Эммет приложил все усилия, чтобы оправдаться, не отступая от своего, пока Роберт старался перехватить взгляд Сесилии и утихомирить ее.

— Я не критикую его, Сесилия, — сказал Эммет. — Он делал все, что мог. Я всегда это утверждал, не только за этим столом. Возможно, этого было недостаточно, вот и все. А что до Алексы, вряд ли ее можно назвать «посторонней».

— Для меня она посторонняя. Я здесь только потому, что бабушка попросила, иначе я бы не села с ней за один стол.

— Я не посторонняя, — твердо сказала Алекса. — Миссис Баннермэн пригласила меня сюда. Ваш отец был женат на мне. Не существует закона, обязывавшего бы нас любить друг друга, но я не собираюсь исчезать только для того, чтобы доставить вам удовольствие.

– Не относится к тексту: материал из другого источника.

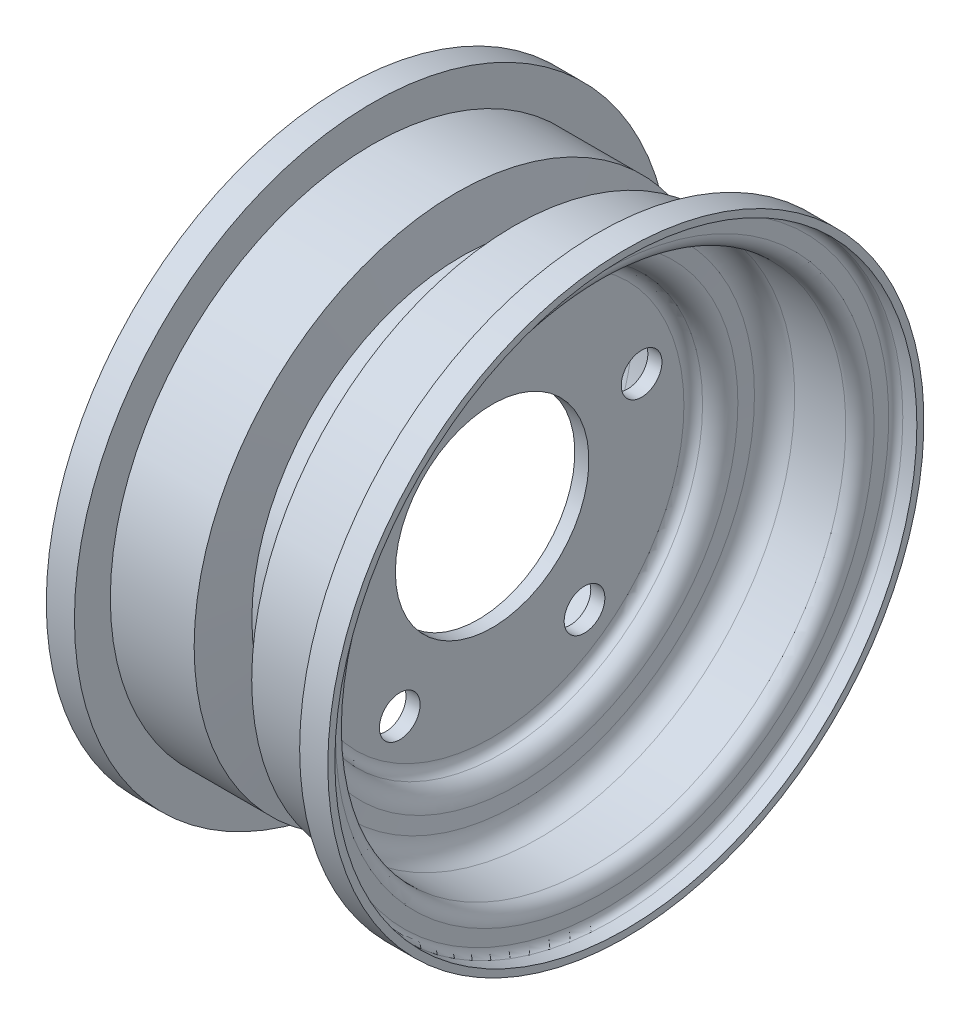
SolidWorks part; units mm, degrees
material "1023 Carbon Steel Sheet (SS)"
ref_plane "Front Plane" through (0, 0, 0) normal (0, 0, 1) x (1, 0, 0)
ref_plane "Top Plane" through (0, 0, 0) normal (0, 1, 0) x (1, 0, 0)
ref_plane "Right Plane" through (0, 0, 0) normal (1, 0, 0) x (0, 0, -1)
sketch "Sketch2" plane through (0, 0, 0) normal (0, 0, 1) x (1, 0, 0)
  line L0 (2.54, 0) -> (2.54, 34.925) construction
  line L1 (2.54, 34.925) -> (2.54, 73.025)
  line L2 (2.54, 73.025) -> (10.922, 73.025)
  line L3 (50.8, 107.569) -> (50.8, 105.029)
  line L4 (12.7, 92.075) -> (43.18, 92.075)
  line L5 (43.18, 92.075) -> (43.18, 105.029)
  line L6 (43.18, 105.029) -> (50.8, 105.029)
  line L7 (10.922, 73.025) -> (12.7, 92.075)
  line L8 (0, 0) -> (2.54, 0) construction
  line L9 (0, 0) -> (0, 213.5492) construction
  line L10 (0, 34.925) -> (0, 75.565)
  line L11 (0, 75.565) -> (8.608, 75.565)
  line L12 (8.608, 75.565) -> (10.386, 94.615)
  line L13 (10.386, 94.615) -> (40.64, 94.615)
  line L14 (40.64, 94.615) -> (40.64, 107.569)
  line L15 (40.64, 107.569) -> (48.26, 107.569)
  line L16 (48.26, 107.569) -> (48.26, 107.569)
  line L17 (0, 34.925) -> (2.54, 34.925)
  line L18 (48.26, 107.569) -> (50.8, 107.569)
  dimension "D1" = 34.925
  dimension "D2" = 38.1
  dimension "D3" = 8.382
  dimension "D4" = 19.05
  dimension "D5" = 2.54
  dimension "D6" = 7.62
  dimension "D7" = 30.48
  dimension "0.51" = 12.954
  dimension "D8" = 2.54
  dimension "D9" = 48.26
  dimension "D10" = 2.54
revolve "Revolve2" add sketch "Sketch2" angle 360 about L8 region at (1.27, 35.8114, 0)
mirror "Mirror1" about plane through (0, 0, 0) normal (1, 0, 0) of "Revolve2"
sketch "Sketch5" plane through (0, 0, 0) normal (1, 0, 0) x (0, 0, -1)
  line L3 (-53.9412, 17.5266) -> (-33.3375, -45.8851) construction
  line L4 (-33.3375, -45.8851) -> (33.3375, -45.8851) construction
  line L5 (33.3375, -45.8851) -> (53.9412, 17.5266) construction
  line L6 (53.9412, 17.5266) -> (0, 56.7171) construction
  line L7 (0, 56.7171) -> (-53.9412, 17.5266) construction
  circle A0 centre (0, 0) radius 56.7171 construction
  point P3 (0, 56.7171)
  point P9 (53.9412, 17.5266)
  point P10 (33.3375, -45.8851)
  point P11 (-33.3375, -45.8851)
  point P12 (-53.9412, 17.5266)
  point P13 (0, 56.7171)
  dimension "D1" = 66.675
hole_wizard "37/64 (0.57813) Diameter Hole1" positions "Sketch6" profile "Sketch7" hole size "37/64" standard "ANSI Inch" end condition through all
sketch "Sketch6" plane through (2.54, 0, 0) normal (1, 0, 0) x (0, 0, -1)
  point P0 (0, 56.7171)
  point P3 (53.9412, 17.5266)
  point P6 (33.3375, -45.8851)
  point P9 (-33.3375, -45.8851)
  point P12 (-53.9412, 17.5266)
sketch "Sketch7" plane through (2.54, 56.7171, 0) normal (0, 1, 0) x (0, 0, -1)
  line L0 (0, 0) -> (0, 53.34)
  line L1 (0, 53.34) -> (7.3423, 53.34)
  line L2 (7.3423, 53.34) -> (7.3423, 0)
  line L5 (7.3423, 0) -> (0, 0)
  line L11 (0, -6.35) -> (0, 107.95) construction
  dimension "Thru Hole Dia." = 14.6845
  dimension "Thru Hole Depth" = 53.34
fillet "Fillet1" radius 3.81 2 edges at (2.54, 0, 73.025) (-2.54, 0, 73.025)
fillet "Fillet2" radius 7.62 4 edges at (12.7, 0, 92.075) (10.922, 0, 73.025) (-12.7, 0, 92.075) (-10.922, 0, 73.025)
fillet "Fillet3" radius 5.08 2 edges at (43.18, 0, 92.075) (-43.18, 0, 92.075)
fillet "Fillet4" radius 2.54 2 edges at (43.18, 0, 105.029) (-43.18, 0, 105.029)

Нервы Сесилии уже посылали мелкие штормовые предупреждения, судя по тому, как она вертела столовую утварь и передвигала перед собой бокалы взад-вперед. Ее кожа, все еще дочерна загорелая, пошла пятнами, веки отекли, словно она страдала от сенной лихорадки. Букер время от времени тянулся через стол, чтобы осторожно похлопать ее по руке, но не преуспел в этих попытках успокоить ее. Она стряхнула его руку и резко сказала:

— Прекрати!

Он покраснел и спрятал обе руки под скатерть.

— Знаете, отец должно быть был с вами очень откровенным, — сказал Патнэм, словно последние несколько минут его мысли блуждали где-то в стороне от общего разговора. — Если бы он объяснил нам свой замысел столь же разумно, как Алекса, не думаю, чтоб он вызвал столько возражений. Я вспоминаю, как много лет назад, когда он впервые стал задумываться о музее, я говорил с ним о коллекции фотожурналистских работ, и он, казалось, очень заинтересовался. Позднее он уже не возвращался у этому разговору. Он знал, что мы против его проекта, поэтому попросту скрыл его от нас. Я думал, что он утратил интерес.

Алекса не была уверена, являлся ли Патнэм ее союзником или нет, но у нее создалось впечатление, что он соблюдал определенный нейтралитет. Он не был настроен к ней враждебно — просто она воплощала одну семейную проблему, которой он бы предпочел избежать.

— Он не утратил интереса. И, разумеется, никогда не забывал о ваших фотографиях. Он их мне показывал. Он очень гордился вашими работами. Когда он снова стал помышлять о музее, первое, о чем он сказал мне — что он собирается выделить постоянную экспозицию фотожурналистики как жанра искусства — он хотел назвать ее «Зал живой истории».